Para Israel, normalizar las relaciones con los países árabes sigue siendo un importante objetivo estratégico desde hace años, en su intento de mejorar el entorno geopolítico. Hasta la fecha, seis países árabes han normalizado sus relaciones con Israel, entre ellos Egipto y Jordania, que establecieron relaciones diplomáticas con Israel en las décadas de 1970 y 1990, y los Emiratos Árabes Unidos, Bahréin, Sudán y Marruecos, que han acordado normalizarlas con Israel en virtud de los Acuerdos de Abraham en 2020. Hamás ha declarado en repetidas ocasiones que condena cualquier avance en la normalización de las relaciones entre los países árabes e Israel, afirmando que la normalización de las relaciones entre los países árabes e Israel en todas sus formas es inaceptable y perjudicará necesariamente a la causa palestina.
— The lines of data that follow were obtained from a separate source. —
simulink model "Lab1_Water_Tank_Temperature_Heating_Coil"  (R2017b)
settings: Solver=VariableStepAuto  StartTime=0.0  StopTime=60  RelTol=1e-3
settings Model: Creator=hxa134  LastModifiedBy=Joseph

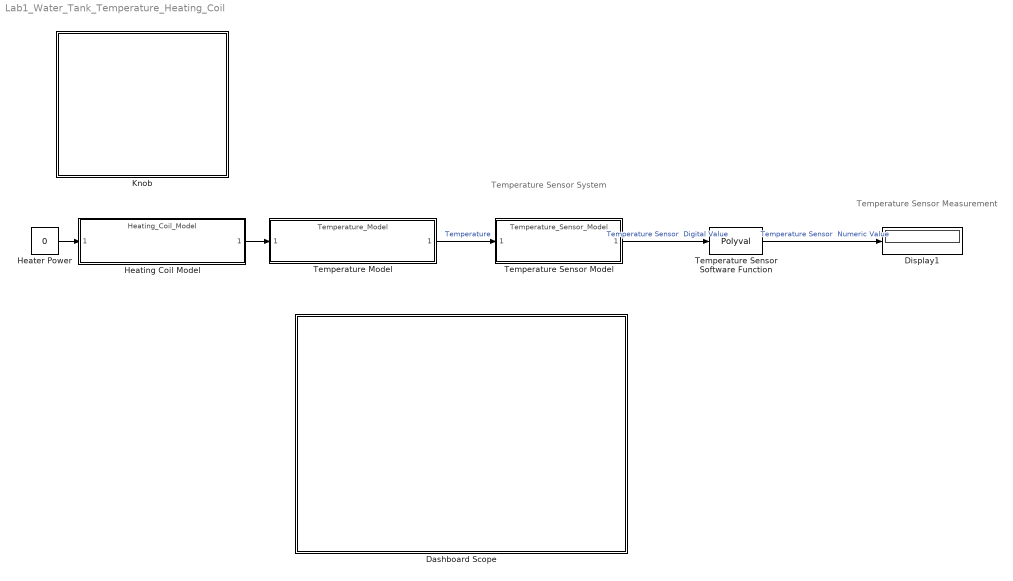
== system Lab1_Water_Tank_Temperature_Heating_Coil ==
  note: Temperature Sensor System
  note: Temperature Sensor Measurement
  Dashboard Scope : Subsystem  DialogController=hmiCreateDDGDialog  IsWebBlock=on  mask(MWDashboardBlock){webBlockId=2a1a89e9-3606-4793-9b6e-01017e02ca12, webBlockType=sdiscope, ShowInitialText=on, HMISrcModelName=Lab1_Water_Tank_Temperature_Heating_Coil}
      mask prompts: webBlockId "WebBlock Id"; webBlockType "WebBlock Type"; HMISrcModelName "Source Model"
      mask help: SimulinkHMI:dialogs:HMIScopeDialogDesc
      mask Help: helpview([docroot '/mapfiles/simulink.map'], 'hmi_scope')
      mask Display:
      | if strcmp(get_param(bdroot(gcb),'BlockDiagramType'), 'library')
      |     image([(matlabroot) '/toolbox/simulink/hmi/icons/DashboardScope.png']);
      | end
  Display1 : Display
  Heater Power : Constant  Value=0
  Heating Coil Model : ModelReference  ModelNameDialog=Heating_Coil_Model  ModelReferenceVersion=1.24  CopyOfModelProtected=on
  Knob : Subsystem  DialogController=hmiCreateDDGDialog  IsWebBlock=on  mask(MWDashboardBlock){webBlockId=f1d15619-c2b9-4264-80fc-b36746c0ed4a, webBlockType=continuousknob, ShowInLibBrowser=on, ShowInitialText=on, HMISrcModelName=Lab1_Water_Tank_Temperature_Heating_Coil}
      mask prompts: webBlockId "WebBlock Id"; webBlockType "WebBlock Type"; HMISrcModelName "Source Model"
      mask help: SimulinkHMI:dialogs:ContinuousKnobDialogDesc
      mask Help: helpview([docroot '/mapfiles/simulink.map'], 'hmi_knob')
      mask Display:
      | if strcmp(get_param(bdroot(gcb),'BlockDiagramType'), 'library')
      |     image([(matlabroot) '/toolbox/simulink/hmi/icons/ContinuousKnob.png']);
      | end
  Temperature Model : ModelReference  ModelNameDialog=Temperature_Model.slxp  ModelReferenceVersion=1.24  CopyOfModelProtected=on
  Temperature Sensor Software Function : Polyval  Coefs="[2.0008   -0.0067]"
  Temperature Sensor Model : ModelReference  ModelNameDialog=Temperature_Sensor_Model.slxp  ModelReferenceVersion=1.24  CopyOfModelProtected=on
  wires:
  Heater Power/1 -> Heating Coil Model/1
  Temperature Sensor Model/1 -> Temperature Sensor Software Function/1  "Temperature Sensor  Digital Value"
  Temperature Sensor Software Function/1 -> Display1/1  "Temperature Sensor  Numeric Value"
  Temperature Model/1 -> Temperature Sensor Model/1  "Temperature"
  Heating Coil Model/1 -> Temperature Model/1

== system Lab1_Water_Tank_Temperature_Heating_Coil/Dashboard Scope ==

== system Lab1_Water_Tank_Temperature_Heating_Coil/Knob ==

Ding Long, profesor del Instituto de Estudios de Oriente Medio de la Universidad de Estudios Internacionales de Shanghai, afirmó que la prolongación del conflicto palestino-israelí afectará negativamente a la normalización de las relaciones entre Israel y Arabia Saudí, y añadió que Arabia Saudí podría suspender la normalización de las relaciones con Israel a corto plazo.